With Every Step Read online

Page 2


  For the next week (which included four days of walking), being around him was like being on the edge of a whirlwind. But in between finishing his walk, appearing on the Sunrise breakfast TV program on Channel Seven the next morning, catching up with friends and family, including an enjoyable night at Central Coast Leagues Club with cousins, aunties and uncles and his beloved grannie, and spending his last night at his cousin Matthew’s (and Lynn, Jessica and Paul’s) home in Sydney, he’d departed.

  And that brief airport goodbye was the last face-to-face conversation we had.

  ‘See ya when I see ya.’ It’s another sentence that lingers tragically.

  The next time I saw him was not a scene I had ever envisaged.

  14 JULY 2012

  It’s the moment every parent dreads, the call in the middle of the night that chills your spine with fear. The call that you hear about on the news, but the one that is never going to happen to you.

  For me, it interrupted my life just prior to midnight, six days before I was due to fly to London to work for the Australian Olympic Committee at the 2012 Games, an experience I was looking forward to. Three days later, Chris was to leave on a Pacific cruise with a good friend.

  At the other end of the line was a woman who identified herself as being from the Department of Foreign Affairs and Trade (DFAT) in Canberra. She said she’d been trying to get hold of me for hours. My missed call log indeed confirmed calls at 6.45 pm and 6.50 pm, when I was away from my phone, and then again at 10.10 pm, just twenty-five minutes after I’d gone to bed with the phone sitting on the bedside table. That I had not heard it shows how deeply I could plunge into a good sleep … well, back then, anyway.
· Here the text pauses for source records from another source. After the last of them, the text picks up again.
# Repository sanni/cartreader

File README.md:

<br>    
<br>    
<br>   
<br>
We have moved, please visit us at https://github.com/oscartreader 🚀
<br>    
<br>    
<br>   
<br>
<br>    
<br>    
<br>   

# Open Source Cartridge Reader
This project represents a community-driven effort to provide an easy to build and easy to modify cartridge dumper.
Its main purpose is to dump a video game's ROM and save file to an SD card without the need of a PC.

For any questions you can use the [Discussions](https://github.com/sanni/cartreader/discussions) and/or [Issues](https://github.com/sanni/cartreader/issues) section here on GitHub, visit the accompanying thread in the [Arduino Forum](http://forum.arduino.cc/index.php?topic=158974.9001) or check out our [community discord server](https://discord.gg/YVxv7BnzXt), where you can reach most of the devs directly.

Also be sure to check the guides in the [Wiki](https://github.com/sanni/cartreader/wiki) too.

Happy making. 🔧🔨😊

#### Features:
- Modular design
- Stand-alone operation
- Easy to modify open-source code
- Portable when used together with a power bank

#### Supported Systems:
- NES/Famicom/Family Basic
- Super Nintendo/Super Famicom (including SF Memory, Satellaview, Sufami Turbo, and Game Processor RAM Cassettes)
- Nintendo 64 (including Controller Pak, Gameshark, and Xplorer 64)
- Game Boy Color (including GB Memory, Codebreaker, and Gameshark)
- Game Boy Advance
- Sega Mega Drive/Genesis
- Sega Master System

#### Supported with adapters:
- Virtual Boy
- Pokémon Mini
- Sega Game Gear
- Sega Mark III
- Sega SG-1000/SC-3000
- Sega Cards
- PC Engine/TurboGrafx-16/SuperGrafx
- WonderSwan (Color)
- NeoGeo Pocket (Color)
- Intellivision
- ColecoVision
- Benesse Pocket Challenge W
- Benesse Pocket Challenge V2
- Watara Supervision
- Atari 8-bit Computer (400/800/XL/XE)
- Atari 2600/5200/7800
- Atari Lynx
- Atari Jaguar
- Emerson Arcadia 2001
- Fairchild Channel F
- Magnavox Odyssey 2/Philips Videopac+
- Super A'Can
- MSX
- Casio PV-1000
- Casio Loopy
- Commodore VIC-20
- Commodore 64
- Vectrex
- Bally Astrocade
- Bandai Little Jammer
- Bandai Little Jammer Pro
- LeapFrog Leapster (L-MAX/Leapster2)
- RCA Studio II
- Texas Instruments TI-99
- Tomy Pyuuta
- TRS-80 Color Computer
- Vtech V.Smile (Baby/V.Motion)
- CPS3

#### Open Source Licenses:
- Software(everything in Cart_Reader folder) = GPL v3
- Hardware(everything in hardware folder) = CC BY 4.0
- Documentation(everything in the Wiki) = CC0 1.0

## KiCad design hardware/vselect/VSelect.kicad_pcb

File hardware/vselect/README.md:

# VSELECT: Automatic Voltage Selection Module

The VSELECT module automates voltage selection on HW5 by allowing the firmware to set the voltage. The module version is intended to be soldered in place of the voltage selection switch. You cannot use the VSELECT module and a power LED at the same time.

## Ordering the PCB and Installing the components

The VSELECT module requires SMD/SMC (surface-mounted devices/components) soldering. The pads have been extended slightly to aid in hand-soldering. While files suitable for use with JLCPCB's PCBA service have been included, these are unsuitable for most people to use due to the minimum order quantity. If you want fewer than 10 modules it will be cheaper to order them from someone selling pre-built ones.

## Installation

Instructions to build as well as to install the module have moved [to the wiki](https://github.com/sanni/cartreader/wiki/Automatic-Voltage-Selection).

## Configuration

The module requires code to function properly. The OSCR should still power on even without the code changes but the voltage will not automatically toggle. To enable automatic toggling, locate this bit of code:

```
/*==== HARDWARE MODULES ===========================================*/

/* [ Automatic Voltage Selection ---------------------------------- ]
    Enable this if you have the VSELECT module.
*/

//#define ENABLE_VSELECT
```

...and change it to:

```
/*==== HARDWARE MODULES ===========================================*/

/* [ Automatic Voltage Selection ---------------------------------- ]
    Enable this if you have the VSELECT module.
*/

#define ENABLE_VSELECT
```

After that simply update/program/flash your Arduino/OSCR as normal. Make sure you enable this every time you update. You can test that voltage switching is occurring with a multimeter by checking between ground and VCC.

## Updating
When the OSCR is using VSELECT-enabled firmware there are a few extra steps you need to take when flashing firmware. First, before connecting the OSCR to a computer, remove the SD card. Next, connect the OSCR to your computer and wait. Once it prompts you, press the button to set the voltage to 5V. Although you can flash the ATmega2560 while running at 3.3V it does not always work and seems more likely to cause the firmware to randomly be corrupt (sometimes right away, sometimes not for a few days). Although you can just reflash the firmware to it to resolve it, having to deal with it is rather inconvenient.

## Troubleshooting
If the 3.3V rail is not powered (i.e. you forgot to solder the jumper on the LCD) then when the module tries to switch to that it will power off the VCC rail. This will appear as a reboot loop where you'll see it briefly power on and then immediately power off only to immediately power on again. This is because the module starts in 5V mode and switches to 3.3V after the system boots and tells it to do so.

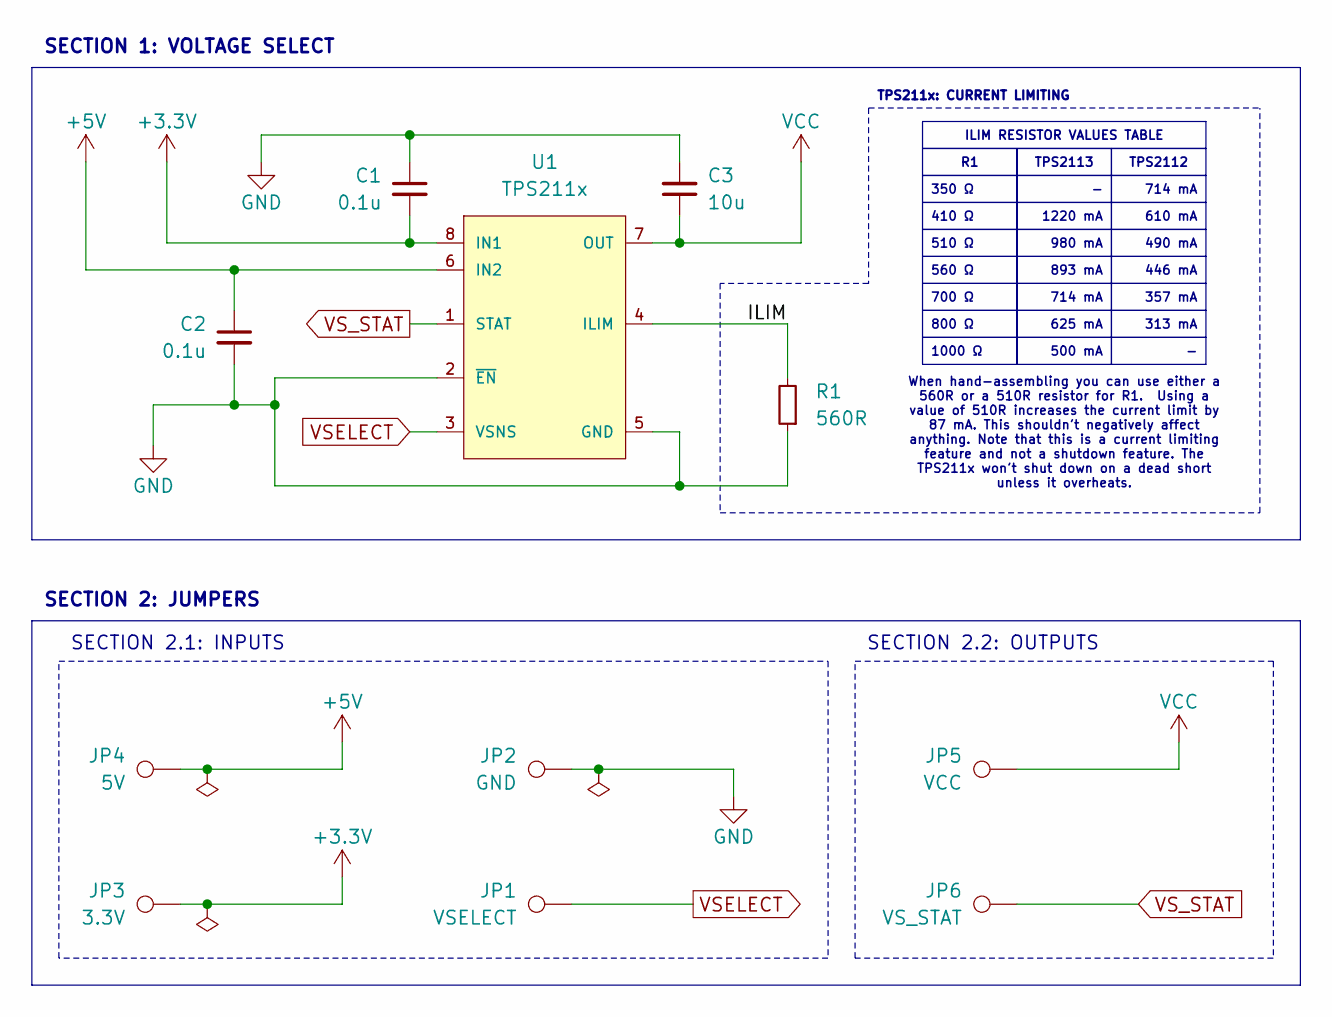
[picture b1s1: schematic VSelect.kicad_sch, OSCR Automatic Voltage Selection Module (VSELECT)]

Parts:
C1, C2: 0.1u; C_0402_1005Metric_Pad0.74x0.62mm_HandSolder; Part CL05B104KO5NNNC; LCSC C1525
C3: 10u; C_0402_1005Metric_Pad0.74x0.62mm_HandSolder; Part CL05A106MQ5NUNC; LCSC C15525
JP1: VSELECT; TestPoint_Pad_2.0x2.0mm
JP2: GND; TestPoint_Pad_2.0x2.0mm
JP3: 3.3V; Header - VSELECT - Switch Pad
JP4: 5V; Header - VSELECT - Switch Pad
JP5: VCC; Header - VSELECT - Switch Pad
JP6: VS_STAT; TestPoint_Pad_2.0x2.0mm
R1: 560R; R_0402_1005Metric_Pad0.72x0.64mm_HandSolder; Part 0402WGF5100TCE; LCSC C25123
U1: TPS211x; IC - VSELECT - TPS2113; Part Hand/TPS2113APWR (C130052); Machine/TPS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; LCSC C354512

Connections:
+3.3V: C1.2, JP3.1, U1.8 (IN1)
+5V: C2.1, JP4.1, U1.6 (IN2)
/ILIM: R1.2, U1.4 (ILIM)
GND: C1.1, C2.2, C3.2, JP2.1, R1.1, U1.2 (~EN), U1.5 (GND), U1.9 (GND)
VCC: C3.1, JP5.1, U1.7 (OUT)
VSELECT: JP1.1, U1.3 (VSNS)
VS_STAT: JP6.1, U1.1 (STAT)

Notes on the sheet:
350 Ω
SECTION 2: JUMPERS
700 Ω
TPS2113
510 Ω
446 mA
490 mA
980 mA
893 mA
1000 Ω
714 mA
313 mA
TPS211x: CURRENT LIMITING
500 mA
625 mA
560 Ω
357 mA
SECTION 2.2: OUTPUTS
610 mA
1220 mA
410 Ω
SECTION 2.1: INPUTS
ILIM RESISTOR VALUES TABLE
TPS2112
800 Ω
SECTION 1: VOLTAGE SELECT
When hand-assembling you can use either a 560R or a 510R resistor for R1. Using a value of 510R increases the current limit by 87 mA. This shouldn't negatively affect anything. Note that this is a current limiting feature and not a shutdown feature. The TPS211x won't shut down on a dead short unles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

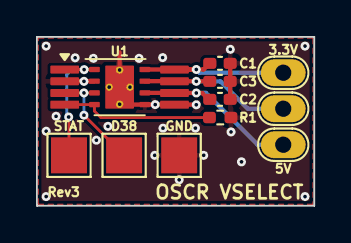
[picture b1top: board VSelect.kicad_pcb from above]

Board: 2 copper layers, 15.4 x 9.4 mm, 11 parts (0 on the bottom side), 7 nets.

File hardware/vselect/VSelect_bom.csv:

Designator,Footprint,Quantity,Value,LCSC Part #
"C1, C2",0402,2,0.1u,C1525
C3,0402,1,10u,C15525
R1,0402,1,560R,C25123
U1,IC - VSELECT - TPS2113,1,TPS211x,C354512

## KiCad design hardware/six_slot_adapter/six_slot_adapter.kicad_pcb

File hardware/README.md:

## All the files in this directory are licensed under the Attribution 4.0 International (CC BY 4.0)     

### This means that you are free to:    
- Share - copy and redistribute the material in any medium or format    
- Adapt - remix, transform, and build upon the material for any purpose, even commercially.  

The licensor cannot revoke these freedoms as long as you follow the license terms.    

### Under the following terms:    
- Attribution - You must give appropriate credit, provide a link to the license, and indicate if changes were made. You may do so in any reasonable manner, but not in any way that suggests the licensor endorses you or your use.    
- No additional restrictions - You may not apply legal terms or technological measures that legally restrict others from doing anything the license permits.    

More details: https://creativecommons.org/licenses/by/4.0/

##

You can view the schematic and PCB files using [KiCad](https://www.kicad.org/).   
To design your own adapters you can follow this [tutorial](https://github.com/sanni/cartreader/wiki/Designing-your-own-Adapters)   
Also check out the user contributions for even more adapters: https://github.com/sanni/cartreader/discussions/354

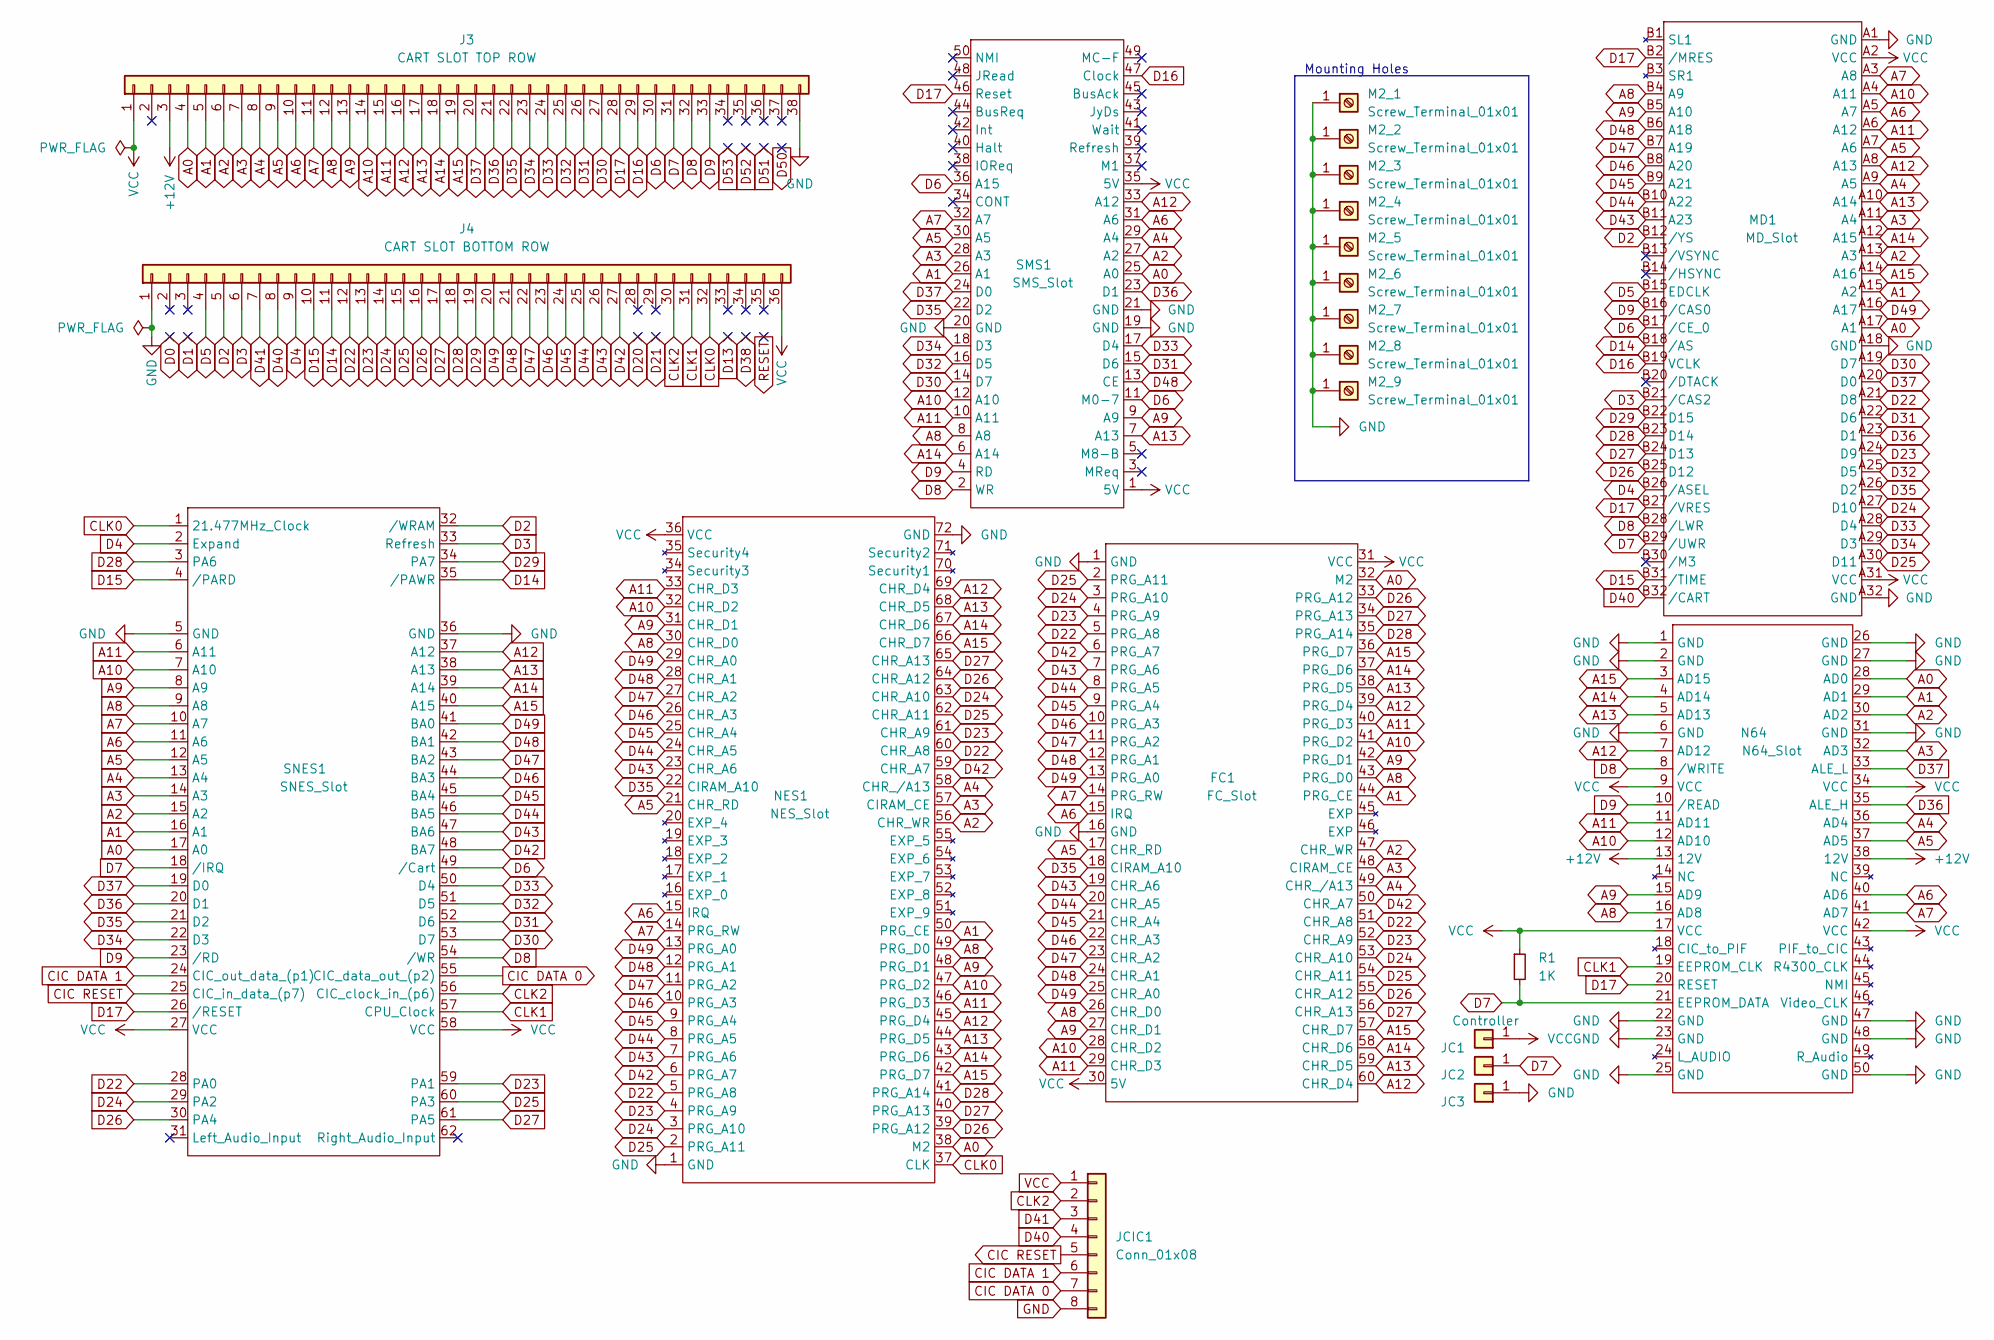
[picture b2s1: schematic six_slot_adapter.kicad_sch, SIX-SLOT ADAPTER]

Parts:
FC1: FC_Slot
J3: CART SLOT TOP ROW; PinSocket_1x38_P2.54mm_Vertical
J4: CART SLOT BOTTOM ROW; PinSocket_1x36_P2.54mm_Vertical
JC1: Controller; PinHeader_1x01_P2.54mm_Vertical
JC2, JC3: Conn_01x01; PinHeader_1x01_P2.54mm_Vertical
JCIC1: Conn_01x08; PinHeader_1x08_P2.54mm_Vertical
M2_1, M2_2, M2_3, M2_4, M2_5, M2_6, M2_7, M2_8, M2_9: Screw_Terminal_01x01; MountingHole_2.2mm_M2_ISO7380_Pad
MD1: MD_Slot
N64: N64_Slot; N64 Slot
NES1: NES_Slot
R1: 1K; R_Axial_DIN0207_L6.3mm_D2.5mm_P10.16mm_Horizontal
SMS1: SMS_Slot
SNES1: SNES_Slot; SNES Slot

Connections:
+12V: J3.3, N64.13 (12V), N64.38 (12V)
A0: FC1.32 (M2), J3.4, MD1.A17 (A1), N64.28 (AD0), NES1.38 (M2), SMS1.25 (A0), SNES1.17 (A0)
A1: FC1.44 (PRG_CE), J3.5, MD1.A15 (A2), N64.29 (AD1), NES1.50 (PRG_CE), SMS1.26 (A1), SNES1.16 (A1)
A2: FC1.47 (CHR_WR), J3.6, MD1.A13 (A3), N64.30 (AD2), NES1.56 (CHR_WR), SMS1.27 (A2), SNES1.15 (A2)
A3: FC1.48 (CIRAM_CE), J3.7, MD1.A11 (A4), N64.32 (AD3), NES1.57 (CIRAM_CE), SMS1.28 (A3), SNES1.14 (A3)
A4: FC1.49 (CHR_/A13), J3.8, MD1.A9 (A5), N64.36 (AD4), NES1.58 (CHR_/A13), SMS1.29 (A4), SNES1.13 (A4)
A5: FC1.17 (CHR_RD), J3.9, MD1.A7 (A6), N64.37 (AD5), NES1.21 (CHR_RD), SMS1.30 (A5), SNES1.12 (A5)
A6: FC1.15 (IRQ), J3.10, MD1.A5 (A7), N64.40 (AD6), NES1.15 (IRQ), SMS1.31 (A6), SNES1.11 (A6)
A7: FC1.14 (PRG_RW), J3.11, MD1.A3 (A8), N64.41 (AD7), NES1.14 (PRG_RW), SMS1.32 (A7), SNES1.10 (A7)
A8: FC1.26 (CHR_D0), FC1.43 (PRG_D0), J3.12, MD1.B4 (A9), N64.16 (AD8), NES1.30 (CHR_D0), NES1.49 (PRG_D0), SMS1.8 (A8), SNES1.9 (A8)
A9: FC1.27 (CHR_D1), FC1.42 (PRG_D1), J3.13, MD1.B5 (A10), N64.15 (AD9), NES1.31 (CHR_D1), NES1.48 (PRG_D1), SMS1.9 (A9), SNES1.8 (A9)
A10: FC1.28 (CHR_D2), FC1.41 (PRG_D2), J3.14, MD1.A4 (A11), N64.12 (AD10), NES1.32 (CHR_D2), NES1.47 (PRG_D2), SMS1.12 (A10), SNES1.7 (A10)
A11: FC1.29 (CHR_D3), FC1.40 (PRG_D3), J3.15, MD1.A6 (A12), N64.11 (AD11), NES1.33 (CHR_D3), NES1.46 (PRG_D3), SMS1.10 (A11), SNES1.6 (A11)
A12: FC1.39 (PRG_D4), FC1.60 (CHR_D4), J3.16, MD1.A8 (A13), N64.7 (AD12), NES1.45 (PRG_D4), NES1.69 (CHR_D4), SMS1.33 (A12), SNES1.37 (A12)
A13: FC1.38 (PRG_D5), FC1.59 (CHR_D5), J3.17, MD1.A10 (A14), N64.5 (AD13), NES1.44 (PRG_D5), NES1.68 (CHR_D5), SMS1.7 (A13), SNES1.38 (A13)
A14: FC1.37 (PRG_D6), FC1.58 (CHR_D6), J3.18, MD1.A12 (A15), N64.4 (AD14), NES1.43 (PRG_D6), NES1.67 (CHR_D6), SMS1.6 (A14), SNES1.39 (A14)
A15: FC1.36 (PRG_D7), FC1.57 (CHR_D7), J3.19, MD1.A14 (A16), N64.3 (AD15), NES1.42 (PRG_D7), NES1.66 (CHR_D7), SNES1.40 (A15)
CIC DATA 0: JCIC1.7, SNES1.55 (CIC_data_out_(p2))
CIC DATA 1: JCIC1.6, SNES1.24 (CIC_out_data_(p1))
CIC RESET: JCIC1.5, SNES1.25 (CIC_in_data_(p7))
CLK0: J4.32, NES1.37 (CLK), SNES1.1 (21.477MHz_Clock)
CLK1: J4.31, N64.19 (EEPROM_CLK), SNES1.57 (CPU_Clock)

  It was a call I feared I might receive during the first year of Andrew’s Oz On Foot walk, especially after he had described the many times he came within centimetres of being hit by road trains on the lonely highways of Western Australia and the Northern Territory. I had woken in the night a few times during his journey dreaming that something dreadful had happened. But I wasn’t expecting it now, not while he rested and sank his teeth into preparing his diaries for this book.

  When the DFAT rep called, she had no idea whose unconscious body was lying in a hospital in Chiang Mai. She first asked me if I knew of anyone travelling in Thailand, and I said, ‘Yes, my son.’ Then she asked my name and my son’s name. I frantically asked what had happened and she requested I hold on for a moment, obviously checking her computer records to find Andrew’s details and that he was indeed travelling in Thailand. She then explained it appeared that Andrew was in the Maharaj Nakorn Hospital with a broken leg and very serious head injuries, and was in a coma.

  The department had received a call from an Australian man whose son, travelling in Thailand, had asked him to call DFAT and explain that an Australian in Chiang Mai was in hospital and in a bad way after being involved in a motorcycle accident. I’m still not sure of the whole sequence, but someone had extracted the phone number Andrew had listed as ‘Dad’ in his mobile; that was the department’s only clue as to his identity. He had only some cash and his phone with him, having left his wallet in his hotel room.

  The DFAT woman had no more information but said she would try to put me in direct contact with the hospital to talk to a doctor. I was struggling to make sense of all of this. I knew the situation was dire but I still couldn’t fathom how serious Andrew’s condition might be, and just assumed that if he was alive, he’d recover. The call ended with her saying she would call back when she had the doctor on the line.

  Our goddaughter Emma was asleep in the next room; we’d been living at the Shaws’ house keeping her company while her parents, Mandy and Alan, were overseas. Chris was at Swansea, fifty minutes’ drive north, staying overnight at her parents’ place with her sister, Lynne, and our niece Jessica, who was heading to London for a couple of years. How was I going to break this to Chris?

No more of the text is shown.